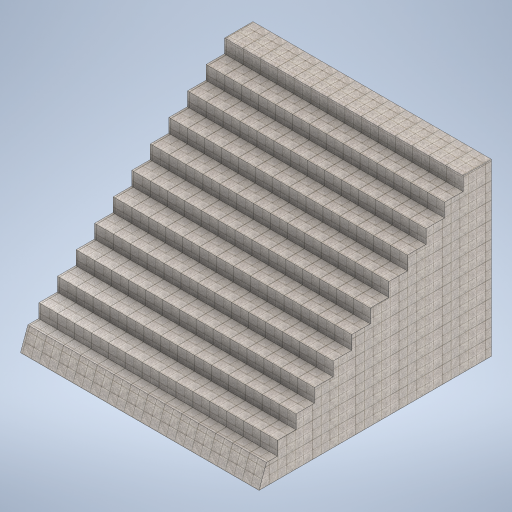
# Autodesk Inventor part: side_stair
Saved by Autodesk Inventor 2024.2 (Build 282272000, 272)
## iProperties
Created: 2024-05-25
Part Number: side_stair
Material: Generic
Document SubType Name: Modeling
Designer: LOSTER_1
Density: 1 g/cm^3
Appearance: Default
Author: LOSTER_1
Autodesk Inventor part; units mm, degrees
ref_plane "YZ Plane" through (0, 0, 0) normal (1, 0, 0) x (0, 1, 0)
ref_plane "XZ Plane" through (0, 0, 0) normal (0, 1, 0) x (-1, 0, 0)
ref_plane "XY Plane" through (0, 0, 0) normal (0, 0, 1) x (1, 0, 0)
sketch "Sketch1" plane through (0, 0, 0) normal (0, 1, 0) x (-1, 0, 0)
  line L0 (1400, 1000) -> (-1400, 1000)
  line L1 (-1400, 1000) -> (-1400, -1000)
  line L2 (-1400, -1000) -> (1400, -1000)
  line L3 (1400, -1000) -> (1400, 1000)
  line L4 (1400, 1000) -> (-1400, -1000) construction
  line L5 (-1400, 1000) -> (1400, -1000) construction
  point P0 (0, 0)
  dimension "d0" = 2800
  dimension "d1" = 2000
  constraints: 12 end point, 2 midpoint, 2 parallel, 1 horizontal, 1 perpendicular
  measures "d0" distance of L2.end L1.end
  measures "d1" distance of L1.end L0.end
extrude "Extrusion1" add sketch "Sketch1" along normal blind 2000
sketch "Sketch2" plane through (1400, 0, 1000) normal (1, 0, 0) x (0, 0, -1)
  line L0 (0, 2000) -> (2000, 2000) projected
  line L1 (0, 0) -> (2000, 0) projected
  line L2 (0, 2000) -> (0, 0)
  line L3 (0, 0) -> (-727.9405, 0)
  line L4 (0, 2000) -> (-727.9405, 0)
  line L5 (0, 2000) -> (2128.3555, 2000) construction
  point P0 (1000, 0)
  dimension "d4" = 110
  constraints: 8 end point, 2 perpendicular, 1 equal length, 1 horizontal
  measures "d4" angle of L4 L5
extrude "Extrusion2" add sketch "Sketch2" against normal blind 2800
sketch "Sketch3" plane through (1400, 0, -1000) normal (1, 0, 0) x (0, 0, -1)
  line L0 (-2.1545, -0.4275) -> (-2.1545, 1999.5725)
  line L1 (-2.1545, -0.4275) -> (-2.1545, 159.5725)
  line L2 (-2.1545, 159.5725) -> (-2.1545, 319.5725)
  line L3 (-2.1545, 319.5725) -> (-2.1545, 479.5725)
  line L4 (-2.1545, 479.5725) -> (-2.1545, 639.5725)
  line L5 (-2.1545, 639.5725) -> (-2.1545, 799.5725)
  line L6 (-2.1545, 799.5725) -> (-2.1545, 959.5725)
  line L7 (-2.1545, 959.5725) -> (-2.1545, 1119.5725)
  line L8 (-2.1545, 1119.5725) -> (-2.1545, 1279.5725)
  line L9 (-2.1545, 1279.5725) -> (-2.1545, 1439.5725)
  line L10 (-2.1545, 1439.5725) -> (-2.1545, 1599.5725)
  line L11 (-2.1545, 1599.5725) -> (-2.1545, 1759.5725)
  line L12 (-2.1545, 1759.5725) -> (-2.1545, 1919.5725)
  line L13 (-2.1545, 1919.5725) -> (-2.1545, 1999.9008)
  line L14 (-2.1545, -0.4275) -> (-2730.0949, -0.4275)
  line L15 (-2730.0949, -0.4275) -> (-2512.0949, -0.4275)
  line L16 (-2512.0949, -0.4275) -> (-2294.0949, -0.4275)
  line L17 (-2294.0949, -0.4275) -> (-2076.0949, -0.4275)
  line L18 (-2076.0949, -0.4275) -> (-1858.0949, -0.4275)
  line L19 (-1858.0949, -0.4275) -> (-1640.0949, -0.4275)
  line L20 (-1640.0949, -0.4275) -> (-1422.0949, -0.4275)
  line L21 (-1422.0949, -0.4275) -> (-1204.0949, -0.4275)
  line L22 (-1204.0949, -0.4275) -> (-986.0949, -0.4275)
  line L23 (-986.0949, -0.4275) -> (-768.0949, -0.4275)
  line L24 (-768.0949, -0.4275) -> (-550.0949, -0.4275)
  line L25 (-550.0949, -0.4275) -> (-332.0949, -0.4275)
  line L26 (-332.0949, -0.4275) -> (-114.0949, -0.4275)
  line L27 (-114.0949, -0.4275) -> (-2.1545, -0.4275)
  line L28 (-2730.0949, -0.4275) -> (-2642.7421, 239.5725)
  line L29 (-2730.0949, -0.4275) -> (-2002.1545, 1999.5725)
  line L30 (-2642.7421, 239.5725) -> (-2512.0949, 239.5725)
  line L31 (-2512.0949, 239.5725) -> (-2512.0949, 399.5725)
  line L32 (-2512.0949, 399.5725) -> (-2294.0949, 399.5725)
  line L33 (-2294.0949, 399.5725) -> (-2294.0949, 559.5725)
  line L34 (-2294.0949, 559.5725) -> (-2076.0949, 559.5725)
  line L35 (-2076.0949, 559.5725) -> (-2076.0949, 719.5725)
  line L36 (-2076.0949, 719.5725) -> (-1858.0949, 719.5725)
  line L37 (-1858.0949, 719.5725) -> (-1858.0949, 879.5725)
  line L38 (-1858.0949, 879.5725) -> (-1640.0949, 879.5725)
  line L39 (-1640.0949, 879.5725) -> (-1640.0949, 1039.5725)
  line L40 (-1640.0949, 1039.5725) -> (-1422.0949, 1039.5725)
  line L41 (-1422.0949, 1039.5725) -> (-1422.0949, 1199.5725)
  line L42 (-1422.0949, 1199.5725) -> (-1204.0949, 1199.5725)
  line L43 (-1204.0949, 1199.5725) -> (-1204.0949, 1359.5725)
  line L44 (-1204.0949, 1359.5725) -> (-986.0949, 1359.5725)
  line L45 (-986.0949, 1359.5725) -> (-986.0949, 1519.5725)
  line L46 (-986.0949, 1519.5725) -> (-768.0949, 1519.5725)
  line L47 (-768.0949, 1519.5725) -> (-768.0949, 1679.5725)
  line L48 (-768.0949, 1679.5725) -> (-550.0949, 1679.5725)
  line L49 (-550.0949, 1679.5725) -> (-550.0949, 1839.5725)
  line L50 (-550.0949, 1839.5725) -> (-332.0949, 1839.5725)
  line L51 (-332.0949, 1839.5725) -> (-332.0949, 1999.5725)
  line L52 (-332.0949, 1999.5725) -> (-2002.1545, 1999.5725)
  line L53 (-2002.1545, 1999.5725) -> (-2642.7421, 239.5725)
  line L54 (-2727.9405, 0) -> (0, 0) projected
  line L55 (-332.0949, 1999.5725) -> (-332.0949, 2182.2078)
  line L56 (-332.0949, 2182.2078) -> (-3155.7019, 2182.2078)
  line L57 (-3155.7019, 2182.2078) -> (-3155.7019, 0)
  line L58 (-3155.7019, 0) -> (-2727.9405, 0)
  point P0 (-1000, 0)
  point P1 (-1002.1545, -0.4275)
  point P2 (-2729.9393, 0)
  dimension "d7" = 160
  dimension "d8" = 160
  dimension "d9" = 160
  dimension "d10" = 160
  dimension "d11" = 160
  dimension "d12" = 160
  dimension "d13" = 160
  dimension "d14" = 160
  dimension "d15" = 160
  dimension "d16" = 160
  dimension "d17" = 160
  dimension "d18" = 160
  dimension "d19" = 218
  dimension "d20" = 218
  dimension "d21" = 218
  dimension "d22" = 218
  dimension "d23" = 218
  dimension "d24" = 218
  dimension "d25" = 218
  dimension "d26" = 218
  dimension "d27" = 218
  dimension "d28" = 218
  dimension "d29" = 218
  dimension "d30" = 218
  constraints: 112 end point, 24 perpendicular, 13 coincident, 4 point on line, 2 horizontal, 1 collinear, 1 vertical, 28 other
  measures "d7" distance of L1.start L1.end
  measures "d8" distance of L1.end L2.end
  measures "d9" distance of L2.end L3.end
  measures "d10" distance of L3.end L4.end
  measures "d11" distance of L4.end L5.end
  measures "d12" distance of L5.end L6.end
  measures "d13" distance of L6.end L7.end
  measures "d14" distance of L7.end L8.end
  measures "d15" distance of L8.end L9.end
  measures "d16" distance of L9.end L10.end
  measures "d17" distance of L10.end L11.end
  measures "d18" distance of L11.end L12.end
  measures "d19" distance of L15.start L15.end
  measures "d20" distance of L15.end L16.end
  measures "d21" distance of L16.end L17.end
  measures "d22" distance of L17.end L18.end
  measures "d23" distance of L18.end L19.end
  measures "d24" distance of L19.end L20.end
  measures "d25" distance of L20.end L21.end
  measures "d26" distance of L21.end L22.end
  measures "d27" distance of L22.end L23.end
  measures "d28" distance of L23.end L24.end
  measures "d29" distance of L24.end L25.end
  measures "d30" distance of L25.end L26.end
extrude "Extrusion3" cut sketch "Sketch3" against normal blind 2800 contours L58 L57 L56 L55 L52 L29 L28 | L29 L52 L51 L50 L49 L48 L47 L46 L45 L44 L43 L42 L41 L40 L39 L38 L37 L36 L35 L34 L33 L32 L31 L30
body "Solid1"
□ □ □ □ □ □ □
▶ [YOUR INSTRUCTIONS]: Your answer must be an exact copy of the lines from the start of the entries through the line with "Appearance: Default", with no pictures.

▶ [SOLUTION TO THIS PROBLEM]:
# Autodesk Inventor part: side_stair
Saved by Autodesk Inventor 2024.2 (Build 282272000, 272)
## iProperties
Created: 2024-05-25
Part Number: side_stair
Material: Generic
Document SubType Name: Modeling
Designer: LOSTER_1
Density: 1 g/cm^3
Appearance: Default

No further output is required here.